• What you have to do
Stop at the line containing "#26=DIRECTION('',(0.,0.,1.));": repeat exactly every line of the entries below from the first up to it, plus that line, with pictures omitted.

------ Material provided

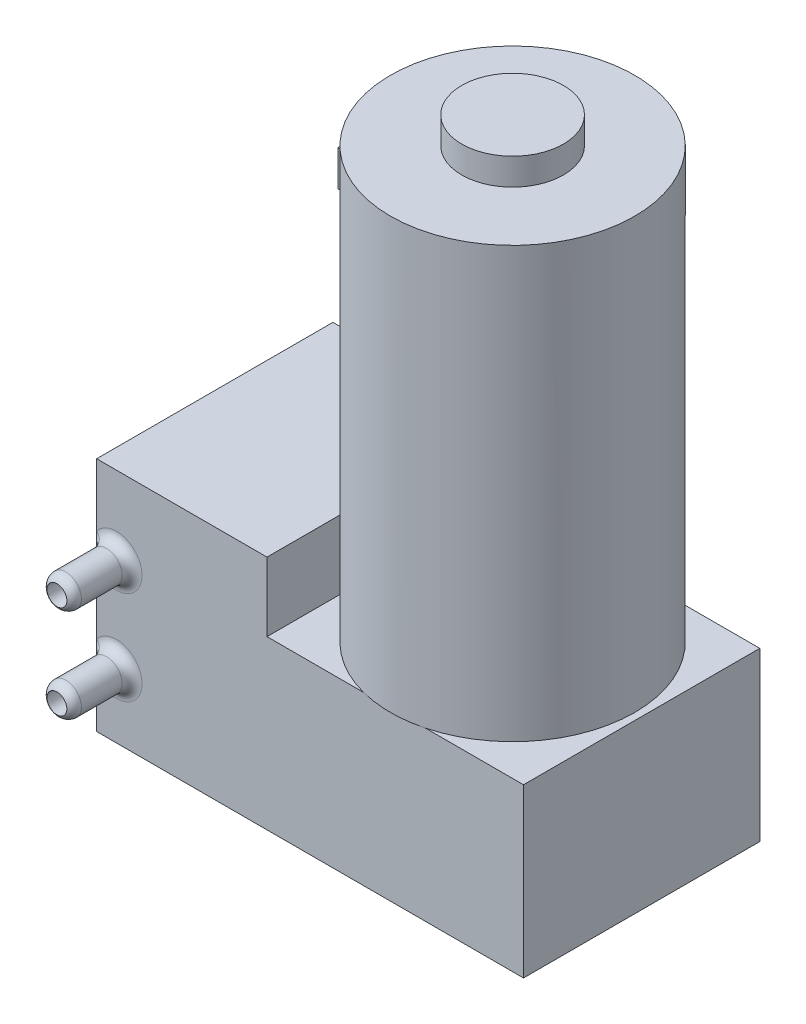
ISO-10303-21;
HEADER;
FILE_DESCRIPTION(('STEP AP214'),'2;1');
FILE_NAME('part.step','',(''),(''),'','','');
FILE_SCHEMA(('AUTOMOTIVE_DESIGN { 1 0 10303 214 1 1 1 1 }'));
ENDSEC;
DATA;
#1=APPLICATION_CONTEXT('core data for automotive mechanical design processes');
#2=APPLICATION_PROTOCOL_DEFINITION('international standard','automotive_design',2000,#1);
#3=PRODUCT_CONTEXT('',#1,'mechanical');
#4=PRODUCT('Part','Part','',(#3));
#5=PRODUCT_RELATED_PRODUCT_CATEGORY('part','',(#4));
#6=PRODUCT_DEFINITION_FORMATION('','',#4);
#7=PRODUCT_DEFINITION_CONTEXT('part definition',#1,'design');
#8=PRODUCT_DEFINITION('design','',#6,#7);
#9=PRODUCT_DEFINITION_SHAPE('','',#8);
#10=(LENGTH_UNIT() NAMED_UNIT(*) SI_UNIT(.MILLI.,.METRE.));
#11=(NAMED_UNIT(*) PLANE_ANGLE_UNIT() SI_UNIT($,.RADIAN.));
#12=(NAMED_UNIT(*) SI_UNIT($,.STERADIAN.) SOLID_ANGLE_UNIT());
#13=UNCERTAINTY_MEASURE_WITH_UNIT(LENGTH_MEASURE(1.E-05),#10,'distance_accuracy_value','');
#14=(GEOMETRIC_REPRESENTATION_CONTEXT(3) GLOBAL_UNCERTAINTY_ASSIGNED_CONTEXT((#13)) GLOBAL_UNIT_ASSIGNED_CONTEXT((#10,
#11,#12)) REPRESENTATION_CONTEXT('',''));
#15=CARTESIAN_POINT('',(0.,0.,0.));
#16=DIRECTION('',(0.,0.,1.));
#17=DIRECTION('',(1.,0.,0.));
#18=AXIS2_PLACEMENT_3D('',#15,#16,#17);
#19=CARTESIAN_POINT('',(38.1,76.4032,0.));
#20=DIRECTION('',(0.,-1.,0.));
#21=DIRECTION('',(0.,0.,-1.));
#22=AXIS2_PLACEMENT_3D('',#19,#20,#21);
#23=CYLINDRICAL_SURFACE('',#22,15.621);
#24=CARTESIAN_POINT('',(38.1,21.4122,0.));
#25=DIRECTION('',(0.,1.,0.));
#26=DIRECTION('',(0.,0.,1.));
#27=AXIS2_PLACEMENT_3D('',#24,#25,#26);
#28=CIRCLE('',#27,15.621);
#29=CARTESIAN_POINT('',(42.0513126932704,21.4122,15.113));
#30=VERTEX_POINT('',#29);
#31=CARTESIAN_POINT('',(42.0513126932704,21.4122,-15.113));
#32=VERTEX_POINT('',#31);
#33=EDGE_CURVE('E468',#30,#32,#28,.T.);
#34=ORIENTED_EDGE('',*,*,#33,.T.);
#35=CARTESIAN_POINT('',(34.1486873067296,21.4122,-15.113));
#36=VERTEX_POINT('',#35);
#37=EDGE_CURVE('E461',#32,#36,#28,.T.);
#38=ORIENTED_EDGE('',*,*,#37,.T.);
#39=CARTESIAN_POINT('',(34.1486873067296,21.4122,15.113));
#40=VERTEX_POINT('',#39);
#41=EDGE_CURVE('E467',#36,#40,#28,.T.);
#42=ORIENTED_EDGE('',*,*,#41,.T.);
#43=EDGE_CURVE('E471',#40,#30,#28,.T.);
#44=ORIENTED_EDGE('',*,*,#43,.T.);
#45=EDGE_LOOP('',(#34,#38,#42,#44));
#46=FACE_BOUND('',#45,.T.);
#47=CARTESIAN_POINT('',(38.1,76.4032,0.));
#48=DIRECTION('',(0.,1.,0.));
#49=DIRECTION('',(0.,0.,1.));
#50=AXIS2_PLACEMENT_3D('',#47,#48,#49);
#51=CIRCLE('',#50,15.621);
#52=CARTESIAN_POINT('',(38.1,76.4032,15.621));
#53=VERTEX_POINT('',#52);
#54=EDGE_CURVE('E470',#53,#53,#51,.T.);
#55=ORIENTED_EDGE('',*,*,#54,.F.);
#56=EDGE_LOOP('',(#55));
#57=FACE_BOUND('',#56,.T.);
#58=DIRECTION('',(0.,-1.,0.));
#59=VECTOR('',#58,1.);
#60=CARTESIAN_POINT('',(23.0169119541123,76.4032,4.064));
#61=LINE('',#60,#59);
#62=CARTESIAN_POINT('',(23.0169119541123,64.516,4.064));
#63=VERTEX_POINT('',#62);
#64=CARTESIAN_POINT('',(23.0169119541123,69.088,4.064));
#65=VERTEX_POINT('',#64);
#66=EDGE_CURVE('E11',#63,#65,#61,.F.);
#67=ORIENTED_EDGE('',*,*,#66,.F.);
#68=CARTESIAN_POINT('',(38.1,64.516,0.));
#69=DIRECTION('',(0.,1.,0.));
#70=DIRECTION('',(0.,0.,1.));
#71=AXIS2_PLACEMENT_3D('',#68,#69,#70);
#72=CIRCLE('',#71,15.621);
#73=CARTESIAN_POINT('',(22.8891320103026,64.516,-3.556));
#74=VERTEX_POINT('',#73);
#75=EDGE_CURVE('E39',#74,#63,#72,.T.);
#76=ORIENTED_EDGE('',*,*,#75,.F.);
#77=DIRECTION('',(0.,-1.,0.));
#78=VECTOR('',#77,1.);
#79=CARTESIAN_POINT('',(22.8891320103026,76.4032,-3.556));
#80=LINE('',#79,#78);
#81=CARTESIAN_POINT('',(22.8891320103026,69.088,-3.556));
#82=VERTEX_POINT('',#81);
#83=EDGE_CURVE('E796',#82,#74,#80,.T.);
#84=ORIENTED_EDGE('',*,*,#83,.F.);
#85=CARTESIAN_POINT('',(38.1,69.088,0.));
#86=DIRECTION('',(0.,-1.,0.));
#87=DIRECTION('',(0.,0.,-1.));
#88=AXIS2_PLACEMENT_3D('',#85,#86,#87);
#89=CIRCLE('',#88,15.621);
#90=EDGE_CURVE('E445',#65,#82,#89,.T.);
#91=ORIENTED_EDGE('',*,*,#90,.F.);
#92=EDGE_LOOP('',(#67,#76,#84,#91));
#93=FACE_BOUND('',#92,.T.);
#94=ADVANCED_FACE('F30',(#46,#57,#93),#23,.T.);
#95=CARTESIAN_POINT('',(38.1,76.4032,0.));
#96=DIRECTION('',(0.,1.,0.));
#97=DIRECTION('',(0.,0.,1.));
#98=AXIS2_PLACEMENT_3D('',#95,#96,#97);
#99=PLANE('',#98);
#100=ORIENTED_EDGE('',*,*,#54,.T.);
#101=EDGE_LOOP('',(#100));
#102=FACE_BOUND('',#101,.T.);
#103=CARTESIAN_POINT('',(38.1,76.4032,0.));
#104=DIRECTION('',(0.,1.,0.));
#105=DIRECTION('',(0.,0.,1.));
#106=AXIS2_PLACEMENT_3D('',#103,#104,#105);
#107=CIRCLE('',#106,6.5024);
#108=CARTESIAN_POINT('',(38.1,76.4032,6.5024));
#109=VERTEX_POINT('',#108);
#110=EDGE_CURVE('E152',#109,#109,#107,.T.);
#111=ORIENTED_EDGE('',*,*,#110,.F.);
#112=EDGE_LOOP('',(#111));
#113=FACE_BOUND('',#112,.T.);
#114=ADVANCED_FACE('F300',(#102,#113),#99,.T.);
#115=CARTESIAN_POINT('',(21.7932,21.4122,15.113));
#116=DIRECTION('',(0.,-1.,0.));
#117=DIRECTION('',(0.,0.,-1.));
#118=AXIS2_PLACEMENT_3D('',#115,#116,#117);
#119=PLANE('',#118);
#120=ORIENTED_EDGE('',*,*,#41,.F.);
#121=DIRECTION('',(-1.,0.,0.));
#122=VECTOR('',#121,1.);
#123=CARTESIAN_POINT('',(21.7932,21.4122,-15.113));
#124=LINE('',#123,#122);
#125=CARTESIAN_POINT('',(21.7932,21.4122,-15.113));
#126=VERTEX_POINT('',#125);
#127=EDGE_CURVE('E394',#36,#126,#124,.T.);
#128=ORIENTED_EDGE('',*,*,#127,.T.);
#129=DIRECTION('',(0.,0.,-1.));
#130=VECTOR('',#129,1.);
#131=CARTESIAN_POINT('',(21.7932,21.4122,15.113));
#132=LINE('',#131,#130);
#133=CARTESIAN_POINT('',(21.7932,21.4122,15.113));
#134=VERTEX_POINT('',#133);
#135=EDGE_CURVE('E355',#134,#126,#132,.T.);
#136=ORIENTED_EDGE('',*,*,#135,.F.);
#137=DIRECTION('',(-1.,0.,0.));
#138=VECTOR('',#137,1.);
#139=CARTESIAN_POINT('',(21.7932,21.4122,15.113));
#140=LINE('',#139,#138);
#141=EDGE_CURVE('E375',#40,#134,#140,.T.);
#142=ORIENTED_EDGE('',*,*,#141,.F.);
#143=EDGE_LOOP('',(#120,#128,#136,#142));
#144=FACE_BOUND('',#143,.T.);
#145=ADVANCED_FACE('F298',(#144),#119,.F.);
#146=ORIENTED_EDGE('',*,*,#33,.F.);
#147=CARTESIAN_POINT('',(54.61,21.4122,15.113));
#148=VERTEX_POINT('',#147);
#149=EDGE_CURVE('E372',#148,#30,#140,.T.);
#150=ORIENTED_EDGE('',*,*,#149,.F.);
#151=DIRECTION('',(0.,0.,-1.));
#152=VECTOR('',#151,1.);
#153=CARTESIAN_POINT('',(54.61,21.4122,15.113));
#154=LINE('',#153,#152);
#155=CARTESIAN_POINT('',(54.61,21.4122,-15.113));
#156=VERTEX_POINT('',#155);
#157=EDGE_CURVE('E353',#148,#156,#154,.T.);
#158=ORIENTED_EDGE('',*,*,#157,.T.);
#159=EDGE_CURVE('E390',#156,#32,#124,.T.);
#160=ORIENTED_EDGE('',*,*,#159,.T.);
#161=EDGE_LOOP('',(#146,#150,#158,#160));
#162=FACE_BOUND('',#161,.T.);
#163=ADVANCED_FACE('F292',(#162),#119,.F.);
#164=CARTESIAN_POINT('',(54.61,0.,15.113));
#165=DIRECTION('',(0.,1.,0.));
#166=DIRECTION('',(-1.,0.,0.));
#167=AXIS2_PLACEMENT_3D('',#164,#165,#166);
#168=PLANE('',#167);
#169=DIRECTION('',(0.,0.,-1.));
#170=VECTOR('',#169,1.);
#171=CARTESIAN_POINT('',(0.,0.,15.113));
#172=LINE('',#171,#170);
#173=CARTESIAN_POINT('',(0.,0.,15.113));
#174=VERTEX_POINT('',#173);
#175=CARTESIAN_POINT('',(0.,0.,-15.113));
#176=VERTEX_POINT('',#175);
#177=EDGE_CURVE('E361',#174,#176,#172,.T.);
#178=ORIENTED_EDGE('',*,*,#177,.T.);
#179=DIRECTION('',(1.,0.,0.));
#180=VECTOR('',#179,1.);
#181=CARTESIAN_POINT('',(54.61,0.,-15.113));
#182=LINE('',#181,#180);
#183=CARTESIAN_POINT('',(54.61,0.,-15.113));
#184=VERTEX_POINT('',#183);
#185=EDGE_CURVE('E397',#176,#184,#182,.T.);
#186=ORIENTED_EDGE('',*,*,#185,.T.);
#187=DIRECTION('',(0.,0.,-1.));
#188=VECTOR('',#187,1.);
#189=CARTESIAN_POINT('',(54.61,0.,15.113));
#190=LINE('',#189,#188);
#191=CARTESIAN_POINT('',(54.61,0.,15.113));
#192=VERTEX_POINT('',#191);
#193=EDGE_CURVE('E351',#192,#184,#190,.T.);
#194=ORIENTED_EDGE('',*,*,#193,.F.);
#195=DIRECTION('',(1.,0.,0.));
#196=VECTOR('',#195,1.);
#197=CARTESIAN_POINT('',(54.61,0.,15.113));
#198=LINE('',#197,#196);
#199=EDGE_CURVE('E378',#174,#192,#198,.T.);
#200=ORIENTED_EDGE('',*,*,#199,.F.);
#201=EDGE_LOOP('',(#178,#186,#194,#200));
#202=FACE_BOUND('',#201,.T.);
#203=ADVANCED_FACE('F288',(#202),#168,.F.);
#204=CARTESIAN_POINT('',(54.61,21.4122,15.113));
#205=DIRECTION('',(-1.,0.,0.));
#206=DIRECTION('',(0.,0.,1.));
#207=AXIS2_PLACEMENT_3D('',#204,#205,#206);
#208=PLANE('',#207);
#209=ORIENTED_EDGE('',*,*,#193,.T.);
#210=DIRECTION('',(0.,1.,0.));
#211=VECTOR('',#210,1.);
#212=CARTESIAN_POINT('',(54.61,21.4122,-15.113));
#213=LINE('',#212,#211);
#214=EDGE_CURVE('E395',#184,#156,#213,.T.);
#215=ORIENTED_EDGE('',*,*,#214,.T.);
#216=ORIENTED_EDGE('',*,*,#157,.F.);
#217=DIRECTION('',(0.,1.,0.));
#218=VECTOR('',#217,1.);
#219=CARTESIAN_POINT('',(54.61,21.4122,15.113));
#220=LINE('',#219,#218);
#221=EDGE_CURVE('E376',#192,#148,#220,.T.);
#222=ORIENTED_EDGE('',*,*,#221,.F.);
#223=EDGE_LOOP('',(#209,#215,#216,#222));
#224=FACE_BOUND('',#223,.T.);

------------

• Exercise solution
ISO-10303-21;
HEADER;
FILE_DESCRIPTION(('STEP AP214'),'2;1');
FILE_NAME('part.step','',(''),(''),'','','');
FILE_SCHEMA(('AUTOMOTIVE_DESIGN { 1 0 10303 214 1 1 1 1 }'));
ENDSEC;
DATA;
#1=APPLICATION_CONTEXT('core data for automotive mechanical design processes');
#2=APPLICATION_PROTOCOL_DEFINITION('international standard','automotive_design',2000,#1);
#3=PRODUCT_CONTEXT('',#1,'mechanical');
#4=PRODUCT('Part','Part','',(#3));
#5=PRODUCT_RELATED_PRODUCT_CATEGORY('part','',(#4));
#6=PRODUCT_DEFINITION_FORMATION('','',#4);
#7=PRODUCT_DEFINITION_CONTEXT('part definition',#1,'design');
#8=PRODUCT_DEFINITION('design','',#6,#7);
#9=PRODUCT_DEFINITION_SHAPE('','',#8);
#10=(LENGTH_UNIT() NAMED_UNIT(*) SI_UNIT(.MILLI.,.METRE.));
#11=(NAMED_UNIT(*) PLANE_ANGLE_UNIT() SI_UNIT($,.RADIAN.));
#12=(NAMED_UNIT(*) SI_UNIT($,.STERADIAN.) SOLID_ANGLE_UNIT());
#13=UNCERTAINTY_MEASURE_WITH_UNIT(LENGTH_MEASURE(1.E-05),#10,'distance_accuracy_value','');
#14=(GEOMETRIC_REPRESENTATION_CONTEXT(3) GLOBAL_UNCERTAINTY_ASSIGNED_CONTEXT((#13)) GLOBAL_UNIT_ASSIGNED_CONTEXT((#10,
#11,#12)) REPRESENTATION_CONTEXT('',''));
#15=CARTESIAN_POINT('',(0.,0.,0.));
#16=DIRECTION('',(0.,0.,1.));
#17=DIRECTION('',(1.,0.,0.));
#18=AXIS2_PLACEMENT_3D('',#15,#16,#17);
#19=CARTESIAN_POINT('',(38.1,76.4032,0.));
#20=DIRECTION('',(0.,-1.,0.));
#21=DIRECTION('',(0.,0.,-1.));
#22=AXIS2_PLACEMENT_3D('',#19,#20,#21);
#23=CYLINDRICAL_SURFACE('',#22,15.621);
#24=CARTESIAN_POINT('',(38.1,21.4122,0.));
#25=DIRECTION('',(0.,1.,0.));
#26=DIRECTION('',(0.,0.,1.));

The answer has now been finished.